# What the exercise asks
Stop after the line containing "Tile63 : Subsystem"; retype every line of the data before it exactly, starting from the first.

(Beginning of Given records)

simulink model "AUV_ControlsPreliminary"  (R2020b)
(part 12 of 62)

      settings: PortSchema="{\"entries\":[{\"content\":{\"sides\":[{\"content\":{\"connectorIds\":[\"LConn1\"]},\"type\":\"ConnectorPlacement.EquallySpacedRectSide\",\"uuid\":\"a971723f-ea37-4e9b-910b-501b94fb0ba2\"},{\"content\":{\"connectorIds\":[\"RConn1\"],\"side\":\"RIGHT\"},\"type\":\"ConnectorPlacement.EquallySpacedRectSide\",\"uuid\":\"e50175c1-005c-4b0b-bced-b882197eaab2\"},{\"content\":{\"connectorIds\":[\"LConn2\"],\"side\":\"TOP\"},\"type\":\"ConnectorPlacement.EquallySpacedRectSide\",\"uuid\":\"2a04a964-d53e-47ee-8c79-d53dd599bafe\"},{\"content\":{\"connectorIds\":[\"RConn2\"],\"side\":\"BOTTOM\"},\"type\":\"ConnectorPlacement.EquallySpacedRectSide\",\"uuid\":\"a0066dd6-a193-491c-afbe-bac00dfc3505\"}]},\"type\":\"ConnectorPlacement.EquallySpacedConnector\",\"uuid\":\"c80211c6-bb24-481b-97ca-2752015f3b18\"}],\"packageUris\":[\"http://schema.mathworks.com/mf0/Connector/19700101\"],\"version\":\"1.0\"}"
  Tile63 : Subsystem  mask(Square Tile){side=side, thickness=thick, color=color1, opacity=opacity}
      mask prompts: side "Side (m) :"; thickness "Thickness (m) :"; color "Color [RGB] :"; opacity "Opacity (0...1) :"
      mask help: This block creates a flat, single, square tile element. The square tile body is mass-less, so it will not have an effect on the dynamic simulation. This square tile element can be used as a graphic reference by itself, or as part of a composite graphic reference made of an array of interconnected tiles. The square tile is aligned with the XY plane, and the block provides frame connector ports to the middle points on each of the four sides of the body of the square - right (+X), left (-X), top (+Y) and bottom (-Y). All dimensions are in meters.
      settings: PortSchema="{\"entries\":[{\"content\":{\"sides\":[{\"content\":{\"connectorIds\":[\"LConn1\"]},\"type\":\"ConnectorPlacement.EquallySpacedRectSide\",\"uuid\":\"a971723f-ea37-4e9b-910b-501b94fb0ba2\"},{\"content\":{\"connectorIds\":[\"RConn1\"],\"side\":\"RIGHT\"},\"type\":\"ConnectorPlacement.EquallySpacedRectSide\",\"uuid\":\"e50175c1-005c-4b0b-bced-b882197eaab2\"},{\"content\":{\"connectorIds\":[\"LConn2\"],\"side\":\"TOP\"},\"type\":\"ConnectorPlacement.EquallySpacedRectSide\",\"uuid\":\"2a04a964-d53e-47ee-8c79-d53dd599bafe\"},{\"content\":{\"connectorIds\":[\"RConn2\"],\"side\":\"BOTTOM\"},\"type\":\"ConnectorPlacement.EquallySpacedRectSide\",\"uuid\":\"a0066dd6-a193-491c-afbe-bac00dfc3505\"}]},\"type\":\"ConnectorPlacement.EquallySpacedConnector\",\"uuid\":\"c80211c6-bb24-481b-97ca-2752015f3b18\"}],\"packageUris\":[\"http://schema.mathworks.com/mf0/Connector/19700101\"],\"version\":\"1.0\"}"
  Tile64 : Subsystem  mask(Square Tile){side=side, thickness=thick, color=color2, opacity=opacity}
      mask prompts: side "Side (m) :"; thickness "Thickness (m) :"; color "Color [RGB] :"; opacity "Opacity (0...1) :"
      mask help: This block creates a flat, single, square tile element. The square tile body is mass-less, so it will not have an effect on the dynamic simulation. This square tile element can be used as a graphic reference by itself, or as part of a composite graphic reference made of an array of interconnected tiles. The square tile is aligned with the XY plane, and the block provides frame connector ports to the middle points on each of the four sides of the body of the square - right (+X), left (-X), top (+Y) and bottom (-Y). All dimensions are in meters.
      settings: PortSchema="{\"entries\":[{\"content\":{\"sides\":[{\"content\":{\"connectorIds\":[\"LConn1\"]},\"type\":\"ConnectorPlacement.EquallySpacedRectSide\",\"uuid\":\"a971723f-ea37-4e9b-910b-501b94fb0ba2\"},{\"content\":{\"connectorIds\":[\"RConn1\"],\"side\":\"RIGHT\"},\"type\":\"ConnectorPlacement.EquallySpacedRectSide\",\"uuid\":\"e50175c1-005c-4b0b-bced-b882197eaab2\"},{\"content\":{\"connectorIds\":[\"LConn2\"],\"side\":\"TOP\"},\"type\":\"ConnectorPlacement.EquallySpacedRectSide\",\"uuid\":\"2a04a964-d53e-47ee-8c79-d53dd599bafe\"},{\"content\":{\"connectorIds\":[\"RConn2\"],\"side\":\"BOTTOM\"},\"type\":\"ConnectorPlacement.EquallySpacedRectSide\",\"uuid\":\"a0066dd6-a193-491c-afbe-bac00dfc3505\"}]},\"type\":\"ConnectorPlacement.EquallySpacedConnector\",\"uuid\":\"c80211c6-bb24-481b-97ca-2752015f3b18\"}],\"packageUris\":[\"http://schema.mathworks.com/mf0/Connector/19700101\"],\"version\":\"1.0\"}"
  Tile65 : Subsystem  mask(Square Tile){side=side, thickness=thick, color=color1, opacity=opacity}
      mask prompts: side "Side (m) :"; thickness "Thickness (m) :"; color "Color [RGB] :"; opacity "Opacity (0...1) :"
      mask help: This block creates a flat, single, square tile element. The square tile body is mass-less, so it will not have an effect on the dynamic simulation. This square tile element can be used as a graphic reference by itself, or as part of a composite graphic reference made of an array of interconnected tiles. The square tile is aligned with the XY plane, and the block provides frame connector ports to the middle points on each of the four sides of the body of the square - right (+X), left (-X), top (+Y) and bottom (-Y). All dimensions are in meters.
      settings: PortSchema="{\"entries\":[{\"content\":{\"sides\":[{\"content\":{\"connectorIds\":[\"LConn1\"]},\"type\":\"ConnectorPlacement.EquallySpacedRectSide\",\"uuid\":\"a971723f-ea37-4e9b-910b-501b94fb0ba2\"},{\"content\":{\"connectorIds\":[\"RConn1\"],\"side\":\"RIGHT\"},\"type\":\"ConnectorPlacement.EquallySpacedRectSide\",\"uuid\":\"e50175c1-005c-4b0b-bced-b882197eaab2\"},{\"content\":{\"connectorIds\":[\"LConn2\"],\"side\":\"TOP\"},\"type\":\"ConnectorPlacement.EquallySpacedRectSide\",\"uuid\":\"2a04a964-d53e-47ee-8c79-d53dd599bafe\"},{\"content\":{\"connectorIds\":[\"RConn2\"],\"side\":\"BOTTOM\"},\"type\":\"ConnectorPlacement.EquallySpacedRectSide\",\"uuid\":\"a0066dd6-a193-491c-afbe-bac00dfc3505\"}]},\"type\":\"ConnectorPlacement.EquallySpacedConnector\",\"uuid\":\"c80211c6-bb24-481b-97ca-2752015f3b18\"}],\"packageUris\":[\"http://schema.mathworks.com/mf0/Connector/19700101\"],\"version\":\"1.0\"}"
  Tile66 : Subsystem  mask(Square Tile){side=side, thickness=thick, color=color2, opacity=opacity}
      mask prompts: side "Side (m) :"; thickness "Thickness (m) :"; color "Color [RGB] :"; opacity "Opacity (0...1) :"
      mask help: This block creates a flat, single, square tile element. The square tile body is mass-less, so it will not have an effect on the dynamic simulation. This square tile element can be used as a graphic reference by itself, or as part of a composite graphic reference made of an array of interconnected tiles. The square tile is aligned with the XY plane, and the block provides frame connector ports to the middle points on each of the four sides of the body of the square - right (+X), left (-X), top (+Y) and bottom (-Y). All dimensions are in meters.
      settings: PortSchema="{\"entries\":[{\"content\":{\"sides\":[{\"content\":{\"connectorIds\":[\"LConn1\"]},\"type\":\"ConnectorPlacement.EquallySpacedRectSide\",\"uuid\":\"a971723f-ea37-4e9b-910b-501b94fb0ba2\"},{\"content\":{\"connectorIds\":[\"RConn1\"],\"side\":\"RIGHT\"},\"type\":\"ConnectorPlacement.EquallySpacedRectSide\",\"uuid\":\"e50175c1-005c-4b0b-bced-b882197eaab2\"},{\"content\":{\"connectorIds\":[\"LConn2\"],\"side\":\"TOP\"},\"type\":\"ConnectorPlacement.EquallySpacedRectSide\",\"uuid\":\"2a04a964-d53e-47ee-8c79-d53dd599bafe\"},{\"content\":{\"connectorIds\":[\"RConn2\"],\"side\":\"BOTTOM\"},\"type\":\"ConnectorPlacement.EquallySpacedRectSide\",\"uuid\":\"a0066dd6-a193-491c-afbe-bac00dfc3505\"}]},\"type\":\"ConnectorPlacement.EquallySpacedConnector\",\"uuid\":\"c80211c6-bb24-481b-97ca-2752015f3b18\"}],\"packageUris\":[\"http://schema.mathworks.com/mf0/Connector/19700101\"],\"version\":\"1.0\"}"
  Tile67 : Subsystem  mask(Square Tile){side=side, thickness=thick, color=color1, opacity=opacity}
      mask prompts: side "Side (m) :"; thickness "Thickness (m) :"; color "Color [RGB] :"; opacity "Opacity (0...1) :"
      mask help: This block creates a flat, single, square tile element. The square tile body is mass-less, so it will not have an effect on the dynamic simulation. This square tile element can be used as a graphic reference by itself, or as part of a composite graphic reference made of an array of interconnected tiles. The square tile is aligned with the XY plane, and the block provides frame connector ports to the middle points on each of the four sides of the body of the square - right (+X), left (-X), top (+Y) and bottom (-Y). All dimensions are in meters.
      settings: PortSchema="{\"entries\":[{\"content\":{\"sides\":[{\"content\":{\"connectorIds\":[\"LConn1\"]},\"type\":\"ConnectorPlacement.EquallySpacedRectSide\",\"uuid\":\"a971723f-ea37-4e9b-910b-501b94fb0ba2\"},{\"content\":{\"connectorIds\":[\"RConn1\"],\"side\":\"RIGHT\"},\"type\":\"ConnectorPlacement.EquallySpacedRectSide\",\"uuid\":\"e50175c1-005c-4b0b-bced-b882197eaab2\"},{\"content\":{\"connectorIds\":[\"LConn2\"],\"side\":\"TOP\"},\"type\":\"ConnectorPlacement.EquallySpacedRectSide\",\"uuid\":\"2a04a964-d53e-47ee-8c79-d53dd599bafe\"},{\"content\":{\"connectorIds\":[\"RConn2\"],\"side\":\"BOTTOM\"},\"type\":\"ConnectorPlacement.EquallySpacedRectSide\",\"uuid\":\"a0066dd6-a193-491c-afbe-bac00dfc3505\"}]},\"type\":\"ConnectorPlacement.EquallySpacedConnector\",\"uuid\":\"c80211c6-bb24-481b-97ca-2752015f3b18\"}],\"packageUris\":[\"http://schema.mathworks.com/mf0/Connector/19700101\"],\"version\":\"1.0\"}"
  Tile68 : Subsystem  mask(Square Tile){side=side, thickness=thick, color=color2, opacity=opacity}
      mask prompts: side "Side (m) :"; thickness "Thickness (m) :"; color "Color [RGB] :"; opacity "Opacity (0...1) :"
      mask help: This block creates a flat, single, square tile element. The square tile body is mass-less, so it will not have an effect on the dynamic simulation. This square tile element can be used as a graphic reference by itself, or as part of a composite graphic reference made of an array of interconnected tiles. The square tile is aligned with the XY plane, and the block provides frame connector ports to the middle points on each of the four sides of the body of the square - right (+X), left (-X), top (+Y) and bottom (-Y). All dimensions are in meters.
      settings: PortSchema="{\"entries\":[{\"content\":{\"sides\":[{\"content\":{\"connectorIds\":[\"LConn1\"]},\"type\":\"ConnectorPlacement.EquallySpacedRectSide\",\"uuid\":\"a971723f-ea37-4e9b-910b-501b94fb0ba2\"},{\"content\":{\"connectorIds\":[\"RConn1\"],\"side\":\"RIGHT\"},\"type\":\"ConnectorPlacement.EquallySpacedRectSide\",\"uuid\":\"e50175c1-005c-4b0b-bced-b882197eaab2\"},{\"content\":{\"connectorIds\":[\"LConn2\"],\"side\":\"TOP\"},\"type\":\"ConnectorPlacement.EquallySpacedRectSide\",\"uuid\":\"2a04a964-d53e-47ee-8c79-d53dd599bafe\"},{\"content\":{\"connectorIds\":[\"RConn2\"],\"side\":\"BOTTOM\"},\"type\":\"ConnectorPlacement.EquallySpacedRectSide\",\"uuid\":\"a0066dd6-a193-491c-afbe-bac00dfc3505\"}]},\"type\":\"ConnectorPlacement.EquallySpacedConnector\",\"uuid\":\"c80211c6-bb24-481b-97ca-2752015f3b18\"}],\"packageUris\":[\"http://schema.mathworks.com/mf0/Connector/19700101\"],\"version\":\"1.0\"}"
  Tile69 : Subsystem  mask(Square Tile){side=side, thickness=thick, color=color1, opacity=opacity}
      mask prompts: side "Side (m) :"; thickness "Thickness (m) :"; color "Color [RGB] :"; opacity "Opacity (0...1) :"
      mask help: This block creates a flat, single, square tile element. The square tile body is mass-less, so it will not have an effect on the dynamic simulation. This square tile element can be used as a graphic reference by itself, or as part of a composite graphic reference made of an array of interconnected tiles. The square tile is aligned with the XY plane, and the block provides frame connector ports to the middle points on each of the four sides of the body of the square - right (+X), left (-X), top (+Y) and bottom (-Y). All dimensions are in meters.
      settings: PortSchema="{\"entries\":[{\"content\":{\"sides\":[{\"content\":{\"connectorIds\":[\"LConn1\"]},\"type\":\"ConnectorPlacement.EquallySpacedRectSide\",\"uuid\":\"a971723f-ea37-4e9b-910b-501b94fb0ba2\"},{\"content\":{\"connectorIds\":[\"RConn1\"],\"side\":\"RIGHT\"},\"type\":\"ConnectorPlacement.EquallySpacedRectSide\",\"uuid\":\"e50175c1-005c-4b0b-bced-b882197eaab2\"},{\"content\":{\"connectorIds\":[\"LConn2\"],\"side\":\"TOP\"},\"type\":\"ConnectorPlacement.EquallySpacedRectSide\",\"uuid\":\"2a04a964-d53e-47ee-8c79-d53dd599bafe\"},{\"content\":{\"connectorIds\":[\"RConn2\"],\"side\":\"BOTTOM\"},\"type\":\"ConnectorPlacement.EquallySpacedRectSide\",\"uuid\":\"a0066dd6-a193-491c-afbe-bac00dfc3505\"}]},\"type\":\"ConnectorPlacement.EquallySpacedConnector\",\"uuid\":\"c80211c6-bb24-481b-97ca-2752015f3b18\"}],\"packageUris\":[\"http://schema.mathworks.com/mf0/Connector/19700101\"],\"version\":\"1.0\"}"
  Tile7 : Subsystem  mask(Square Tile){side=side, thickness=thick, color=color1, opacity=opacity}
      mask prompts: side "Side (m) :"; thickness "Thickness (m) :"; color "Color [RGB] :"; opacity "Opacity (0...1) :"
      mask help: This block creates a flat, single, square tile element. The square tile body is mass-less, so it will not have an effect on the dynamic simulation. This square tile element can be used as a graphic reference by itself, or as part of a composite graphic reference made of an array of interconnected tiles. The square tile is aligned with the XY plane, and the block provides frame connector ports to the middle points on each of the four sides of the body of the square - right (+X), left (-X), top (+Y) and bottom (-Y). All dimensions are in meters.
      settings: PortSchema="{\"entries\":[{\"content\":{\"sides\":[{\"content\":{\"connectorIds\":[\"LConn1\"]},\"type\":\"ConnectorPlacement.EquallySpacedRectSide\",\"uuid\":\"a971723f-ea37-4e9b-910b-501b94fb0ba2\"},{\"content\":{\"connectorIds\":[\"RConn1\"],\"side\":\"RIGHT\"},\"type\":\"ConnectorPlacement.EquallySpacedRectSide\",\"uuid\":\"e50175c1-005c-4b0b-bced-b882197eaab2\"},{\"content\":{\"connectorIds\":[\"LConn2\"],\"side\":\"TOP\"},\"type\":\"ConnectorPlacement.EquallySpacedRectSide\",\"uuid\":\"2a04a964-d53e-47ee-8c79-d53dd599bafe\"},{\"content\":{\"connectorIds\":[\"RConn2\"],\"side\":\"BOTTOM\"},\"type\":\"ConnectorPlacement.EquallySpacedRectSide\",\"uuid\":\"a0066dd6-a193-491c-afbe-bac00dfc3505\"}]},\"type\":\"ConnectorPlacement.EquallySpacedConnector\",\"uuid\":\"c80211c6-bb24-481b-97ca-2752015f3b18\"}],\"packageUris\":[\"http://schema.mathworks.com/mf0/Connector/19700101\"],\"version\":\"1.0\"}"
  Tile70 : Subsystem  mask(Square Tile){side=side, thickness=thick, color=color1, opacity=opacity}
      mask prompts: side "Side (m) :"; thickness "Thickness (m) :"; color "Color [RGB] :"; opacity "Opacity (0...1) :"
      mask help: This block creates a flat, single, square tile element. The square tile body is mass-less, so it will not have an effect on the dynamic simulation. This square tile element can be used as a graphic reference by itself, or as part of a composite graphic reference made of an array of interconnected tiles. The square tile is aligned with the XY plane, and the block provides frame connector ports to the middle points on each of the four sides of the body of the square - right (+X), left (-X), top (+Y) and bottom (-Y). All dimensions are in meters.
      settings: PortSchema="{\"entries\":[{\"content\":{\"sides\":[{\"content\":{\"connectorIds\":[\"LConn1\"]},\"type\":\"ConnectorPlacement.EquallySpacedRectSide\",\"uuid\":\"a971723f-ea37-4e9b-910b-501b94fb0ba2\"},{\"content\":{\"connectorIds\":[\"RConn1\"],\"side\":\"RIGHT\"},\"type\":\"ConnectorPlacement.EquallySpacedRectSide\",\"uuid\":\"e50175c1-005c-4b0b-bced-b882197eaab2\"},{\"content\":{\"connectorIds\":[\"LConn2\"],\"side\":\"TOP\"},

(End of Given records)

# Written solution
simulink model "AUV_ControlsPreliminary"  (R2020b)
(part 12 of 62)

      settings: PortSchema="{\"entries\":[{\"content\":{\"sides\":[{\"content\":{\"connectorIds\":[\"LConn1\"]},\"type\":\"ConnectorPlacement.EquallySpacedRectSide\",\"uuid\":\"a971723f-ea37-4e9b-910b-501b94fb0ba2\"},{\"content\":{\"connectorIds\":[\"RConn1\"],\"side\":\"RIGHT\"},\"type\":\"ConnectorPlacement.EquallySpacedRectSide\",\"uuid\":\"e50175c1-005c-4b0b-bced-b882197eaab2\"},{\"content\":{\"connectorIds\":[\"LConn2\"],\"side\":\"TOP\"},\"type\":\"ConnectorPlacement.EquallySpacedRectSide\",\"uuid\":\"2a04a964-d53e-47ee-8c79-d53dd599bafe\"},{\"content\":{\"connectorIds\":[\"RConn2\"],\"side\":\"BOTTOM\"},\"type\":\"ConnectorPlacement.EquallySpacedRectSide\",\"uuid\":\"a0066dd6-a193-491c-afbe-bac00dfc3505\"}]},\"type\":\"ConnectorPlacement.EquallySpacedConnector\",\"uuid\":\"c80211c6-bb24-481b-97ca-2752015f3b18\"}],\"packageUris\":[\"http://schema.mathworks.com/mf0/Connector/19700101\"],\"version\":\"1.0\"}"
  Tile63 : Subsystem  mask(Square Tile){side=side, thickness=thick, color=color1, opacity=opacity}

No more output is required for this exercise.